Staying mostly backlit, Leto remained somewhat enigmatic and was never too much in the spotlight, instead directing the focus back towards the crowd before him. There were teenagers moshing in the pit, adult couples watching from the back of the massive room by the quarantined bar area, a few drunk, a few stoned, tattoos, dyed hairdos, torn-up home-made t-shirts, piercings, young fleshy bodies moving together and against each other together in a perverse, supervised, PG-13 freakshow, hands in the air, attention forward, the liturgy carried on.

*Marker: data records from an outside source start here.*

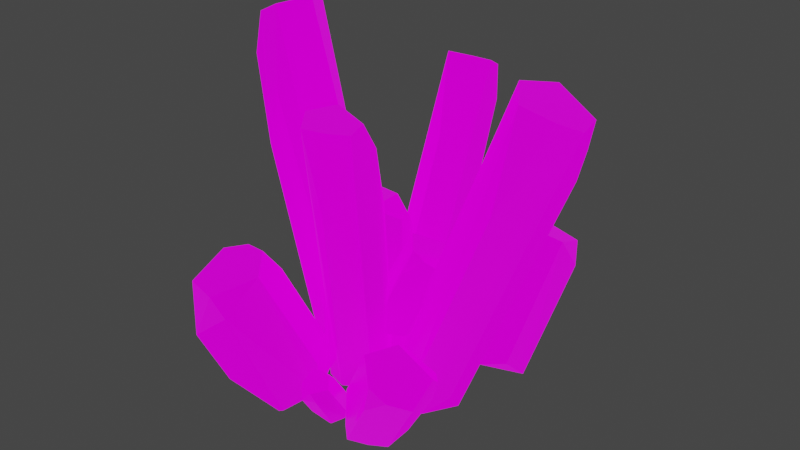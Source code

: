 # Source: uploads_files_2996807_crystal.blend  (saved by Blender 2.82.7; exported with 4.5.12 LTS)
import bpy
from mathutils import Matrix  # noqa: F401  (used for matrix-valued properties, if any)

bpy.ops.wm.read_factory_settings(use_empty=True)
scene = bpy.context.scene
scene.name = 'Scene'

# ---- collections
col_collection = bpy.data.collections.new('Collection'); scene.collection.children.link(col_collection)

# ---- images (referenced by path relative to the original .blend; pixels are not part of the script)
import os
ASSET_DIR = os.environ.get("B2B_ASSET_DIR", "")  # directory of the original .blend (textures are referenced by path, not embedded)
HERE = os.path.dirname(os.path.abspath(__file__))  # packed textures are extracted next to this script under _unpacked/

def load_image(name, relpath, width, height, colorspace="sRGB"):
    """Load a texture the original file referenced (path relative to the .blend, or extracted next to this script)."""
    p = next((c for c in (os.path.join(HERE, relpath), os.path.join(ASSET_DIR, relpath)) if relpath and os.path.exists(c)), "")
    if p:
        img = bpy.data.images.load(p, check_existing=True)
        img.name = name
    else:  # same state as the original file: an image datablock whose file is absent (Cycles renders it pink)
        img = bpy.data.images.new(name, width, height)
        img.source = "FILE"
        img.filepath = "//" + (relpath or name)
    img.colorspace_settings.name = colorspace
    return img
img_crystallow_defaultmaterial_height_png = load_image('crystallow_DefaultMaterial_Height.png', 'texture/crystallow_DefaultMaterial_Height.png', 1024, 1024, 'Non-Color')
img_crystallow_defaultmaterial_basecolor_png = load_image('crystallow_DefaultMaterial_BaseColor.png', 'texture/crystallow_DefaultMaterial_BaseColor.png', 1024, 1024, 'sRGB')
img_crystallow_defaultmaterial_metallic_png = load_image('crystallow_DefaultMaterial_Metallic.png', 'texture/crystallow_DefaultMaterial_Metallic.png', 1024, 1024, 'Non-Color')
img_crystallow_defaultmaterial_roughness_png = load_image('crystallow_DefaultMaterial_Roughness.png', 'texture/crystallow_DefaultMaterial_Roughness.png', 1024, 1024, 'Non-Color')
img_crystallow_defaultmaterial_normal_png = load_image('crystallow_DefaultMaterial_Normal.png', 'texture/crystallow_DefaultMaterial_Normal.png', 1024, 1024, 'Non-Color')
img_crystallow_defaultmaterial_emissive_png = load_image('crystallow_DefaultMaterial_Emissive.png', 'texture/crystallow_DefaultMaterial_Emissive.png', 1024, 1024, 'sRGB')

# ---- materials (node trees are filled in below, after node groups)
mat_material_001 = bpy.data.materials.new('Material.001')
mat_material_001.use_transparent_shadow = False

# ---- material node trees
mat_material_001.use_nodes = True; mat_material_001.node_tree.nodes.clear()
_N = mat_material_001.node_tree.nodes; _L = mat_material_001.node_tree.links
n0 = _N.new('NodeFrame'); n0.name = 'Frame'; n0.location = (-1270, 330)
n0.label = 'Mapping'
n0.width = 400
n1 = _N.new('NodeFrame'); n1.name = 'Frame.001'; n1.location = (-628, 530)
n1.label = 'Textures'
n1.width = 358
n2 = _N.new('ShaderNodeTexImage'); n2.name = 'Image Texture'; n2.location = (88, -1150)
n2.label = 'Displacement'
n2.image = img_crystallow_defaultmaterial_height_png
n3 = _N.new('ShaderNodeDisplacement'); n3.name = 'Displacement'; n3.location = (10, -260)
n3.inputs[2].default_value = 1.0
n4 = _N.new('ShaderNodeTexImage'); n4.name = 'Image Texture.001'; n4.location = (88, -30)
n4.label = 'Base Color'
n4.image = img_crystallow_defaultmaterial_basecolor_png
n5 = _N.new('ShaderNodeTexImage'); n5.name = 'Image Texture.002'; n5.location = (88, -310)
n5.label = 'Metallic'
n5.image = img_crystallow_defaultmaterial_metallic_png
n6 = _N.new('ShaderNodeTexImage'); n6.name = 'Image Texture.003'; n6.location = (88, -590)
n6.label = 'Roughness'
n6.image = img_crystallow_defaultmaterial_roughness_png
n7 = _N.new('ShaderNodeTexImage'); n7.name = 'Image Texture.004'; n7.location = (88, -870)
n7.label = 'Normal'
n7.image = img_crystallow_defaultmaterial_normal_png
n8 = _N.new('ShaderNodeNormalMap'); n8.name = 'Normal Map'; n8.location = (-240, -340)
n9 = _N.new('ShaderNodeMapping'); n9.name = 'Mapping'; n9.location = (230, -30)
n10 = _N.new('NodeReroute'); n10.name = 'Reroute'; n10.location = (38, -700)
n10.width = 16
n10.socket_idname = 'NodeSocketVector'
n11 = _N.new('ShaderNodeTexCoord'); n11.name = 'Texture Coordinate'; n11.location = (30, -30)
n12 = _N.new('ShaderNodeBsdfPrincipled'); n12.name = 'Principled BSDF'; n12.location = (10, 300)
n12.distribution = 'GGX'
n12.subsurface_method = 'BURLEY'
n12.inputs[3].default_value = 1.45
n12.inputs[27].default_value = (0.0, 0.0, 0.0, 1.0)
n12.inputs[28].default_value = 1.0
n13 = _N.new('ShaderNodeTexImage'); n13.name = 'Image Texture.005'; n13.location = (842, 167)
n13.image = img_crystallow_defaultmaterial_emissive_png
n14 = _N.new('ShaderNodeOutputMaterial'); n14.name = 'Material Output'; n14.location = (647, 307)
n15 = _N.new('ShaderNodeMixShader'); n15.name = 'Mix Shader'; n15.location = (385, 304)
n16 = _N.new('ShaderNodeEmission'); n16.name = 'Emission'; n16.location = (538, -13)
n16.inputs[1].default_value = 1.7
n2.parent = n1
n4.parent = n1
n5.parent = n1
n6.parent = n1
n7.parent = n1
n9.parent = n0
n10.parent = n1
n11.parent = n0
_L.new(n12.outputs[0], n15.inputs[1])
_L.new(n2.outputs[0], n3.inputs[0])
_L.new(n3.outputs[0], n14.inputs[2])
_L.new(n4.outputs[0], n12.inputs[0])
_L.new(n5.outputs[0], n12.inputs[1])
_L.new(n6.outputs[0], n12.inputs[2])
_L.new(n7.outputs[0], n8.inputs[1])
_L.new(n8.outputs[0], n12.inputs[5])
_L.new(n10.outputs[0], n4.inputs[0])
_L.new(n10.outputs[0], n5.inputs[0])
_L.new(n10.outputs[0], n6.inputs[0])
_L.new(n10.outputs[0], n7.inputs[0])
_L.new(n10.outputs[0], n2.inputs[0])
_L.new(n9.outputs[0], n10.inputs[0])
_L.new(n11.outputs[2], n9.inputs[0])
_L.new(n13.outputs[0], n16.inputs[0])
_L.new(n15.outputs[0], n14.inputs[0])
_L.new(n16.outputs[0], n15.inputs[2])
n14.is_active_output = True

# ---- world
world_world = bpy.data.worlds.new('World'); scene.world = world_world
world_world.use_nodes = True; world_world.node_tree.nodes.clear()
_N = world_world.node_tree.nodes; _L = world_world.node_tree.links
n0 = _N.new('ShaderNodeOutputWorld'); n0.name = 'World Output'; n0.location = (300, 300)
n1 = _N.new('ShaderNodeBackground'); n1.name = 'Background'; n1.location = (10, 300)
n1.inputs[0].default_value = (0.05088, 0.05088, 0.05088, 1.0)
_L.new(n1.outputs[0], n0.inputs[0])
n0.is_active_output = True
world_world.color = (0.05088, 0.05088, 0.05088)
world_world.use_sun_shadow = False
world_world.sun_shadow_jitter_overblur = 0.0

# ---- meshes
me_mesh = bpy.data.meshes.new('Mesh')
me_mesh.from_pydata([(5.267, -198.4, 263.3), (-0.08047, -250.7, 346.0), (41.05, -79.15, 398.9), (-4.918, -98.74, 429.8), (15.28, -121.0, 428.1), (-54.37, -150.6, 415.2), (41.05, -195.7, 325.1), (-64.76, -229.9, 313.0), (-54.37, -213.7, 375.4), (14.59, -59.06, 367.1), (-57.25, -239.7, 328.6), (-5.394, -251.9, 347.8), (-24.42, -203.0, 270.6), (-60.77, -122.1, 408.9), (5.267, -87.13, 333.7), (-15.35, -55.18, 361.0), (-49.25, -60.45, 369.3), (18.06, -208.1, 278.7), (-50.67, -195.3, 284.5), (-65.48, -102.5, 390.0), (-52.73, -88.92, 414.3), (29.43, -232.7, 317.5), (-170.4, -148.3, 146.7), (-160.0, -250.3, 395.6), (-169.2, 251.9, 455.4), (-282.4, 184.5, 548.6), (-213.8, 138.6, 554.6), (-378.4, 8.541, 534.3), (-84.1, -88.27, 312.6), (-342.1, -254.1, 296.4), (-332.4, -175.4, 457.0), (-249.1, 272.0, 359.9), (-317.5, -267.6, 343.2), (-173.6, -256.0, 401.1), (-247.3, -176.8, 168.6), (-413.5, 76.21, 503.3), (-251.6, 176.5, 283.1), (-330.7, 259.4, 341.4), (-418.5, 226.9, 366.4), (-131.7, -158.1, 192.9), (-323.9, -167.4, 202.5), (-436.6, 115.6, 442.8), (-414.4, 171.1, 501.9), (-89.89, -196.7, 309.7), (-105.8, -243.7, -81.0), (-94.72, -218.3, 120.8), (-461.3, 910.9, -105.2), (-531.6, 891.3, -17.31), (-439.0, 644.4, 84.0), (-492.5, 460.0, 74.38), (-113.9, 72.09, -19.18), (-228.5, -279.1, 61.73), (-272.9, -76.78, 129.7), (-504.7, 883.8, -196.5), (-207.0, -263.9, 124.4), (-139.7, -235.5, 132.8), (-161.4, -263.6, -53.9), (-617.1, 717.7, -2.882), (-431.4, 548.7, -172.2), (-596.7, 848.3, -176.1), (-660.2, 825.5, -145.2), (-38.1, -213.2, -54.34), (-253.5, -176.4, -40.74), (-607.8, 641.6, -39.35), (-659.0, 833.7, -70.16), (-44.97, -206.1, 42.39), (-43.47, -247.9, -298.6), (-53.38, -159.1, -115.6), (-169.8, 150.7, -386.1), (-229.1, 157.4, -303.8), (-224.0, 123.0, -261.6), (-289.2, 21.13, -197.1), (-16.46, -102.6, -254.9), (-173.3, -253.5, -157.9), (-180.9, -157.9, -104.4), (-218.8, 91.45, -443.3), (-159.4, -216.5, -102.6), (-96.92, -177.8, -100.8), (-98.5, -265.9, -269.1), (-343.3, 59.39, -280.4), (-189.9, -5.887, -423.9), (-274.3, 58.03, -443.0), (-337.2, 37.45, -409.3), (-19.74, -219.2, -271.0), (-162.7, -256.1, -256.3), (-340.1, 16.34, -304.8), (-343.6, 85.25, -309.4), (1.322, -165.2, -191.4), (-4.079, -212.8, -268.9), (-10.87, -265.2, -351.5), (-59.28, -93.6, -397.8), (-18.33, -113.2, -435.1), (-38.05, -135.5, -430.4), (32.73, -165.1, -427.9), (-48.51, -210.1, -324.8), (57.93, -244.3, -328.3), (38.55, -228.1, -388.5), (-28.47, -73.51, -370.2), (48.23, -254.2, -342.6), (-5.88, -266.3, -354.1), (24.22, -217.5, -280.4), (39.99, -136.5, -422.6), (-14.36, -101.6, -338.5), (2.047, -69.63, -368.5), (34.37, -74.9, -381.7), (-18.98, -222.6, -282.2), (48.16, -209.7, -298.0), (47.4, -116.9, -404.6), (31.24, -103.4, -426.7), (-35.89, -247.1, -318.9), (152.5, -148.3, -81.43), (105.9, -250.3, -326.2), (106.2, 251.9, -386.7), (204.6, 184.5, -495.4), (135.9, 138.6, -491.3), (301.7, 8.541, -495.3), (42.93, -88.27, -232.9), (300.5, -254.1, -254.6), (267.5, -175.4, -412.1), (199.3, 272.0, -303.8), (269.3, -267.6, -297.4), (118.6, -256.0, -333.6), (225.4, -176.8, -114.4), (340.9, 76.21, -469.8), (212.9, 176.5, -228.2), (282.7, 259.4, -297.5), (365.9, 226.9, -335.1), (107.5, -158.1, -121.5), (296.3, -167.4, -159.0), (372.7, 115.6, -413.2), (342.0, 171.1, -468.4), (49.08, -196.7, -231.0), (121.9, -243.7, 153.2), (81.44, -218.3, -44.81), (477.1, 910.9, 125.2), (533.8, 891.3, 28.05), (427.4, 644.4, -58.65), (481.7, 460.0, -56.94), (120.8, 72.09, 90.91), (222.4, -279.1, -5.875), (256.4, -76.78, -79.6), (533.4, 883.8, 209.2), (192.0, -263.9, -64.71), (124.2, -235.5, -63.17), (172.9, -263.6, 118.3), (616.3, 717.7, 1.286), (457.3, 548.7, 195.9), (621.4, 848.3, 175.7), (679.7, 825.5, 135.8), (51.01, -213.2, 136.8), (262.1, -176.4, 91.85), (612.4, 641.6, 38.73), (667.5, 833.7, 61.72), (43.68, -206.1, 40.07), (92.01, -247.9, 377.7), (75.07, -159.1, 195.1), (229.7, 150.7, 445.7), (276.4, 157.4, 355.6), (265.2, 123.0, 314.6), (320.3, 21.13, 241.3), (58.9, -102.6, 338.3), (199.9, -253.5, 219.5), (199.6, -157.9, 165.5), (286.6, 91.45, 495.1), (178.0, -216.5, 166.8), (116.0, -177.8, 174.1), (142.1, -265.9, 340.4), (386.0, 59.39, 315.8), (255.1, -5.887, 480.2), (341.5, 58.03, 486.7), (398.7, 37.45, 444.2), (64.5, -219.2, 353.7), (203.8, -256.1, 318.4), (386.3, 16.34, 340.4), (390.5, 85.25, 344.5), (32.03, -165.2, 278.1), (-57.04, -194.5, 236.2), (-87.75, -160.6, 79.16), (-46.91, 768.1, 358.0), (4.228, 777.2, 282.5), (-18.49, 575.7, 180.9), (65.37, 446.9, 166.3), (-128.1, 53.44, 219.9), (33.38, -180.3, 112.6), (15.56, -9.734, 77.56), (-0.05237, 749.8, 425.4), (8.334, -168.5, 65.6), (-50.34, -162.0, 65.5), (-12.12, -194.2, 209.7), (108.2, 666.3, 248.2), (18.47, 479.0, 374.8), (76.78, 746.3, 400.7), (128.1, 746.6, 370.3), (-118.0, -185.1, 221.8), (37.33, -104.8, 203.5), (121.4, 603.0, 269.7), (119.2, 759.0, 311.6), (-122.2, -169.7, 145.4), (11.82, -103.4, 96.05), (-20.78, -181.0, -44.27), (-154.1, 708.9, -408.0), (-103.6, 676.3, -477.3), (-87.37, 455.3, -429.0), (18.59, 360.8, -368.3), (-102.2, 64.48, -63.91), (101.1, -156.3, -17.49), (53.74, -50.91, -149.0), (-106.3, 744.5, -348.7), (75.44, -180.6, -59.06), (16.59, -184.9, -57.56), (56.57, -113.0, 70.95), (19.33, 586.2, -445.0), (-38.22, 509.0, -221.7), (-29.52, 738.1, -373.1), (21.58, 727.2, -401.8), (-49.49, -114.7, 84.78), (89.28, -41.0, 5.922), (43.18, 553.5, -390.2), (11.99, 698.4, -454.2), (-54.63, -151.6, 16.2), (-140.2, -86.03, 217.0), (-169.3, -103.1, -50.08), (-289.3, 373.7, 68.87), (-181.3, 373.6, -51.13), (-237.2, 314.7, -67.01), (-45.53, 236.5, -107.2), (-265.6, -3.612, 90.36), (22.99, -86.68, 25.94), (-32.74, 32.5, -95.62), (-201.0, 384.3, 158.4), (-5.506, -91.11, -20.42), (-155.9, -102.7, -58.34), (-63.73, -83.33, 180.2), (-22.6, 298.0, -57.63), (-162.8, 274.3, 196.4), (-116.8, 389.9, 164.4), (-29.5, 393.0, 122.4), (-182.9, -91.17, 173.7), (1.481, -42.71, 145.4), (0.7869, 321.1, 10.7), (-43.81, 383.8, -23.19), (-234.1, -101.2, 54.63), (16.07, 25.88, 170.4), (-3.313, 10.43, 1.289), (76.17, 317.6, 50.88), (137.0, 277.8, -21.36), (87.95, 261.4, -30.63), (170.5, 157.2, -46.06), (-27.19, 102.9, 82.36), (107.9, -35.2, 55.12), (114.6, 41.02, -29.04), (127.8, 301.5, 110.0), (91.05, -31.51, 25.04), (4.305, 6.06, -3.501), (59.61, 1.874, 149.6), (201.8, 186.9, -16.69), (114.8, 231.0, 140.4), (176.2, 279.1, 116.4), (225.9, 251.7, 92.62), (-8.887, 33.7, 141.8), (108.6, 2.413, 128.0), (221.4, 196.4, 26.28), (216.3, 242.8, 0.4944), (-39.47, 37.2, 65.24), (-254.4, -246.1, 99.61), (-259.0, -253.5, 197.2), (-309.6, -80.66, 158.4), (-349.5, -105.3, 193.9), (-322.1, -112.9, 204.0), (-366.6, -175.4, 206.0), (-241.0, -200.1, 152.7), (-315.1, -283.8, 156.7), (-329.5, -240.0, 202.9), (-332.6, -92.01, 120.3), (-308.6, -280.9, 175.3), (-263.6, -256.2, 199.3), (-280.1, -261.3, 107.5), (-382.5, -159.6, 186.1), (-319.9, -132.0, 105.1), (-358.5, -106.6, 112.3), (-387.9, -123.9, 121.3), (-243.3, -240.6, 118.1), (-309.8, -262.6, 115.1), (-389.8, -155.1, 159.9), (-390.9, -128.2, 174.4), (-233.4, -237.2, 164.2), (-154.9, -231.4, -64.52), (-233.6, -253.4, -10.3), (-263.7, -83.22, -73.93), (-310.6, -116.9, -84.95), (-301.2, -122.9, -56.96), (-317.5, -189.4, -91.66), (-197.4, -192.5, -22.17), (-228.8, -283.3, -79.5), (-281.6, -248.5, -63.67), (-244.8, -91.26, -115.1), (-240.2, -282.5, -63.24), (-237.4, -256.9, -12.81), (-173.5, -250.3, -80.56), (-313.9, -172.7, -116.2), (-218.2, -127.1, -113.9), (-251.1, -107.2, -140.7), (-272.2, -128.7, -159.0), (-164.0, -227.5, -44.62), (-196.6, -255.8, -99.99), (-298.2, -165.2, -137.7), (-315.2, -141.0, -129.9), (-195.4, -229.8, -9.293)], [], [(1, 11, 10, 7, 12, 0, 17, 21), (13, 5, 4, 3, 20), (5, 8, 11, 1, 4), (5, 13, 19, 7, 10, 8), (4, 1, 21, 6, 2, 3), (18, 16, 15, 14, 0, 12), (17, 0, 14, 9, 2, 6), (3, 2, 9, 15, 16, 20), (23, 33, 32, 29, 34, 22, 39, 43), (35, 27, 26, 25, 42), (27, 30, 33, 23, 26), (27, 35, 41, 29, 32, 30), (26, 23, 43, 28, 24, 25), (40, 38, 37, 36, 22, 34), (39, 22, 36, 31, 24, 28), (25, 24, 31, 37, 38, 42), (45, 55, 54, 51, 56, 44, 61, 65), (57, 49, 48, 47, 64), (49, 52, 55, 45, 48), (49, 57, 63, 51, 54, 52), (48, 45, 65, 50, 46, 47), (62, 60, 59, 58, 44, 56), (61, 44, 58, 53, 46, 50), (47, 46, 53, 59, 60, 64), (67, 77, 76, 73, 78, 66, 83, 87), (79, 71, 70, 69, 86), (71, 74, 77, 67, 70), (71, 79, 85, 73, 76, 74), (70, 67, 87, 72, 68, 69), (84, 82, 81, 80, 66, 78), (83, 66, 80, 75, 68, 72), (69, 68, 75, 81, 82, 86), (89, 99, 98, 95, 100, 88, 105, 109), (101, 93, 92, 91, 108), (93, 96, 99, 89, 92), (93, 101, 107, 95, 98, 96), (92, 89, 109, 94, 90, 91), (106, 104, 103, 102, 88, 100), (105, 88, 102, 97, 90, 94), (91, 90, 97, 103, 104, 108), (111, 121, 120, 117, 122, 110, 127, 131), (123, 115, 114, 113, 130), (115, 118, 121, 111, 114), (115, 123, 129, 117, 120, 118), (114, 111, 131, 116, 112, 113), (128, 126, 125, 124, 110, 122), (127, 110, 124, 119, 112, 116), (113, 112, 119, 125, 126, 130), (133, 143, 142, 139, 144, 132, 149, 153), (145, 137, 136, 135, 152), (137, 140, 143, 133, 136), (137, 145, 151, 139, 142, 140), (136, 133, 153, 138, 134, 135), (150, 148, 147, 146, 132, 144), (149, 132, 146, 141, 134, 138), (135, 134, 141, 147, 148, 152), (155, 165, 164, 161, 166, 154, 171, 175), (167, 159, 158, 157, 174), (159, 162, 165, 155, 158), (159, 167, 173, 161, 164, 162), (158, 155, 175, 160, 156, 157), (172, 170, 169, 168, 154, 166), (171, 154, 168, 163, 156, 160), (157, 156, 163, 169, 170, 174), (177, 187, 186, 183, 188, 176, 193, 197), (189, 181, 180, 179, 196), (181, 184, 187, 177, 180), (181, 189, 195, 183, 186, 184), (180, 177, 197, 182, 178, 179), (194, 192, 191, 190, 176, 188), (193, 176, 190, 185, 178, 182), (179, 178, 185, 191, 192, 196), (199, 209, 208, 205, 210, 198, 215, 219), (211, 203, 202, 201, 218), (203, 206, 209, 199, 202), (203, 211, 217, 205, 208, 206), (202, 199, 219, 204, 200, 201), (216, 214, 213, 212, 198, 210), (215, 198, 212, 207, 200, 204), (201, 200, 207, 213, 214, 218), (221, 231, 230, 227, 232, 220, 237, 241), (233, 225, 224, 223, 240), (225, 228, 231, 221, 224), (225, 233, 239, 227, 230, 228), (224, 221, 241, 226, 222, 223), (238, 236, 235, 234, 220, 232), (237, 220, 234, 229, 222, 226), (223, 222, 229, 235, 236, 240), (243, 253, 252, 249, 254, 242, 259, 263), (255, 247, 246, 245, 262), (247, 250, 253, 243, 246), (247, 255, 261, 249, 252, 250), (246, 243, 263, 248, 244, 245), (260, 258, 257, 256, 242, 254), (259, 242, 256, 251, 244, 248), (245, 244, 251, 257, 258, 262), (265, 275, 274, 271, 276, 264, 281, 285), (277, 269, 268, 267, 284), (269, 272, 275, 265, 268), (269, 277, 283, 271, 274, 272), (268, 265, 285, 270, 266, 267), (282, 280, 279, 278, 264, 276), (281, 264, 278, 273, 266, 270), (267, 266, 273, 279, 280, 284), (287, 297, 296, 293, 298, 286, 303, 307), (299, 291, 290, 289, 306), (291, 294, 297, 287, 290), (291, 299, 305, 293, 296, 294), (290, 287, 307, 292, 288, 289), (304, 302, 301, 300, 286, 298), (303, 286, 300, 295, 288, 292), (289, 288, 295, 301, 302, 306), (21, 17, 6), (12, 7, 18), (16, 19, 13, 20), (16, 18, 7, 19), (10, 11, 8), (14, 15, 9), (43, 39, 28), (34, 29, 40), (38, 41, 35, 42), (38, 40, 29, 41), (32, 33, 30), (36, 37, 31), (65, 61, 50), (56, 51, 62), (60, 63, 57, 64), (60, 62, 51, 63), (54, 55, 52), (58, 59, 53), (87, 83, 72), (78, 73, 84), (82, 85, 79, 86), (82, 84, 73, 85), (76, 77, 74), (80, 81, 75), (109, 105, 94), (100, 95, 106), (104, 107, 101, 108), (104, 106, 95, 107), (98, 99, 96), (102, 103, 97), (131, 127, 116), (122, 117, 128), (126, 129, 123, 130), (126, 128, 117, 129), (120, 121, 118), (124, 125, 119), (153, 149, 138), (144, 139, 150), (148, 151, 145, 152), (148, 150, 139, 151), (142, 143, 140), (146, 147, 141), (175, 171, 160), (166, 161, 172), (170, 173, 167, 174), (170, 172, 161, 173), (164, 165, 162), (168, 169, 163), (197, 193, 182), (188, 183, 194), (192, 195, 189, 196), (192, 194, 183, 195), (186, 187, 184), (190, 191, 185), (219, 215, 204), (210, 205, 216), (214, 217, 211, 218), (214, 216, 205, 217), (208, 209, 206), (212, 213, 207), (241, 237, 226), (232, 227, 238), (236, 239, 233, 240), (236, 238, 227, 239), (230, 231, 228), (234, 235, 229), (263, 259, 248), (254, 249, 260), (258, 261, 255, 262), (258, 260, 249, 261), (252, 253, 250), (256, 257, 251), (285, 281, 270), (276, 271, 282), (280, 283, 277, 284), (280, 282, 271, 283), (274, 275, 272), (278, 279, 273), (307, 303, 292), (298, 293, 304), (302, 305, 299, 306), (302, 304, 293, 305), (296, 297, 294), (300, 301, 295)])
me_mesh.polygons.foreach_set('use_smooth', [True] * 196)
_k = set([(0, 12), (0, 14), (0, 17), (1, 4), (1, 11), (1, 21), (2, 3), (2, 6), (2, 9), (3, 4), (3, 20), (5, 8), (5, 13), (6, 21), (7, 10), (7, 12), (7, 18), (7, 19), (8, 10), (9, 14), (9, 15), (10, 11), (12, 18), (13, 20), (15, 16), (16, 18), (16, 20), (17, 21), (22, 34), (22, 36), (22, 39), (23, 26), (23, 33), (23, 43), (24, 25), (24, 28), (24, 31), (25, 26), (25, 42), (27, 30), (27, 35), (28, 43), (29, 32), (29, 34), (29, 40), (29, 41), (30, 32), (31, 36), (31, 37), (32, 33), (34, 40), (35, 42), (37, 38), (38, 40), (38, 42), (39, 43), (44, 56), (44, 58), (44, 61), (45, 48), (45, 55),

Staying mostly backlit, Leto remained somewhat enigmatic and was never too much in the spotlight.; Credit: Colin Stutz

Staying mostly backlit, Leto remained somewhat enigmatic and was never too much in the spotlight.; Credit: Colin Stutz

Fans giving their all for 30 Seconds to Mars.; Credit: Colin Stutz

Fans giving their all for 30 Seconds to Mars.; Credit: Colin Stutz

In the back of the pit, catching her breath was Kelly. A tall, teenage brunette, eager with the hugs, eyes heavy with black mascara, sweat-drenched after just a couple songs. “He sounds like a chipmunk when he talks,” she said of Leto, surprised by his speaking voice and relatively small physical stature.

Are you enjoying yourself?

“I am now that I'm back here,” she said. “I got here early and was up in the very front but they kept pushing me and telling me I was too tall to be up there. I had to get out!”

People here are pretty short aren't they?

“Well, it is Pomona,” she said like one should know.

Too tall, Kelly had to move to the back of the pit to catch her breath and escape harassment.; Credit: Colin Stutz

Too tall, Kelly had to move to the back of the pit to catch her breath and escape harassment.; Credit: Colin Stutz

With bleach-blond coiffed hair, a black feathered shirt and matching jeans and goggles that all gave him a birdlike appearance, at Leto's words the theater would erupt regularly. “I'm not happy until everyone wakes up embarrassed tomorrow!”, “This is the part where everyone loses their fucking mind and goes crazy!”, “Let me hear you scream!” were all lines he yelled throughout the night.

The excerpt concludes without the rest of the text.